Also known as "cold pasteurization," food irradiation is a method of food preservation where foods are treated with ionizing radiation. The process exposes foods to doses of radiation in the form of gamma rays, X-rays, or electron beams. Irradiation can kill bacteria in food (both dangerous and healthy), but it has no effect on viruses or agents that cause infectious diseases.
There are two methods used to irradiate foods:
- High energy electron beams
- Gamma rays from cobalt 60, cesium 137, and X-rays
Gamma rays can penetrate foods to a greater depth than electron beams. Electron beams are not produced from radioactive sources, but they do produce ionizing changes in food, just as other forms of irradiation do.
Microwaving Food - Another Form Of Food Irradiation
Microwaving food is another form of food irradiation (similar to irradiating food, but using a different wavelength). Read about the various studies that reveal not only does microwaving food destroy important nutrients, as well as render others less bioavailable, but they have been conclusively proven to have a detrimental impact on the blood and various systems of the human body.
Why Irradiate Food?
Dr. Gayle Eversole
Irradiating food reduces the number of microorganisms in foods that can cause disease by killing potentially harmful bacteria and parasites.
Reports of food-borne illnesses such as salmonella, clostridium botulinum, staphylococcus aureus, campylobacter jejuni, cyclospora, toxoplasma gondii, and E. coli have caused public health experts and government officials to look for ways to prevent and control the contamination of food. But while irradiation can kill, inactivate, or substantially reduce the number of potentially dangerous organisms in foods, it will not eradicate all dangerous pathogens. It also destroys healthy nutrients and beneficial bacteria, and can be harmful to our health.
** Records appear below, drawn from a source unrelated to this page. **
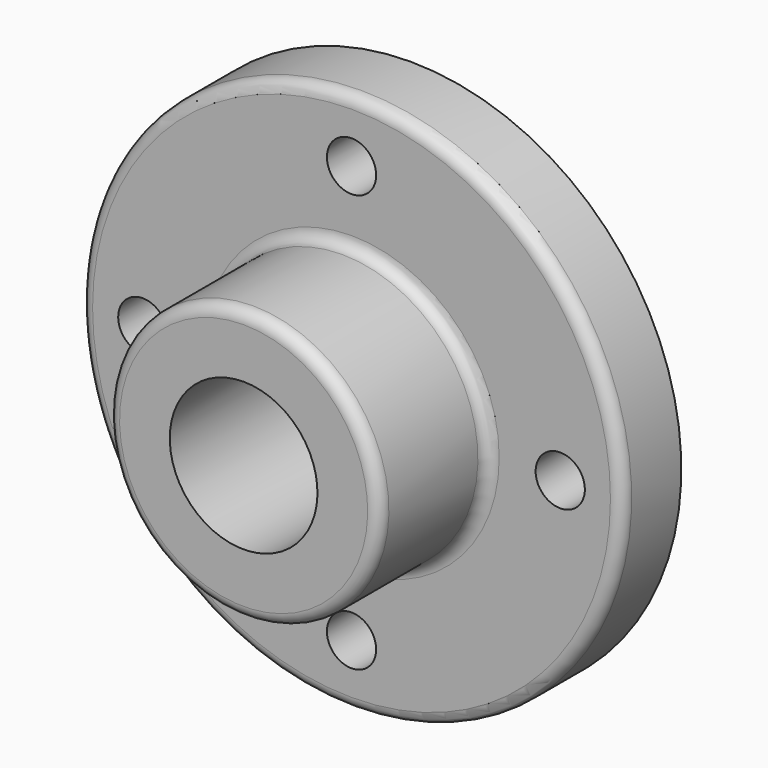
from build123d import *

# Parameters (mm, degrees)
F2_R            = 6.35
F3_DEPTH        = 19.051
F3_COPIES_COUNT = 4
F4_R            = 3.048


# Not quite as in the source:
# - a pattern or mirror of a feature is missing from the dataset's text; its kind, count and spacing are read off the source's solid


with BuildPart() as f1:
    # F0 (on Right) → F1 (revolve)
    with BuildSketch(Plane.YZ):
        Polygon((-53.848, 19.05), (0, 19.05), (0, 69.85), (-19.05, 69.85), (-19.05, 35.052), (-53.848, 35.052), align=None)
    revolve(axis=Axis((0, -55.1984038566, 0), (0, -1, 0)))

    # F2 (on face) → F3 (cut, through all)
    with BuildSketch(Plane.XZ.offset(19.05)):
        with Locations((0, 53.848)):
            Circle(F2_R)
    f3 = extrude(amount=-F3_DEPTH, mode=Mode.SUBTRACT)

    # F3_copies: F3 ×4 about axis
    f3_copies_axis = Axis((0, 0, 0), (0, 1, 0))
    for i in range(1, F3_COPIES_COUNT):
        add(f3.rotate(f3_copies_axis, i * 360 / F3_COPIES_COUNT), mode=Mode.SUBTRACT)

    # F4
    f4_edges = [f1.edges().sort_by_distance(p)[0] for p in [
        (0, -19.05, -69.85),
        (0, -19.05, -35.052),
        (0, -53.848, -35.052),
    ]]
    fillet(f4_edges, radius=F4_R)


solid = f1.part

At this time, the FDA has approved the use of irradiation on many popular food items, such as beef, pork, lamb, poultry, wheat, wheat flour, vegetables, fruits, seeds for sprouting, spices, and herb teas. It has especially taken a foothold among spices and imported fruits. Dairy is not included as it is already pasteurized (unless purchased as raw dairy). Many more food items are under review to be added to the list. Manufacturers such as Omaha steaks use irradiation as a selling point for their beef to prevent risk of pathogenic E. coli or salmonella transmission.
In general, manufacturers have been slow to adopt irradiated foods. There is insufficient information on how it affects food, and on the health and safety of its use. Not all food authorities support irradiation, and even those in favor recognize that there is no substitute for good food sanitation habits. Irradiation can only help control the contamination once it occurs, but it does not address the important issue of prevention.
It is interesting to note that when microorganisms are exposed to irradiated foods and nutrients, they avoid ingesting them.
Why We Should Avoid Irradiated Foods
Learn more about the 5 very important reasons to avoid irradiated foods:
How to Identify Irradiated Foods
The FDA requires irradiated foods to include an international symbol called the "radura" - a picture which resembles a leafy plant in a circle. But as usual, there is a labeling loophole. Manufacturers are not required to print ANY irradiation disclosure or symbol on their food labels if the product contains at least ONE item that has not been irradiated. So, for example, if a product contains 5 ingredients, 4 which are irradiated and 1 which is not, the manufacturer no longer has to display the irradiation symbol. This makes the symbol close to worthless.
Even though consumers have the right to be able to easily determine which foods have been irradiated so that they can be avoided, the FDA has severely impaired consumers' ability to identify irradiated foods on store shelves. The same issue exists with regard to GMOs in our food chain.
By not conducting any long-term studies to determine how safe or dangerous irradiated foods are, the government is showing a complete lack of responsibility when it comes to the subject of public health. Undermining the public's ability to make an informed decision on irradiated foods turns us into a walking chemistry experiment. Until such a time as long-term health studies exist, the very least the government can and should do is enforce labeling laws to require any irradiated food to be clearly identifiable.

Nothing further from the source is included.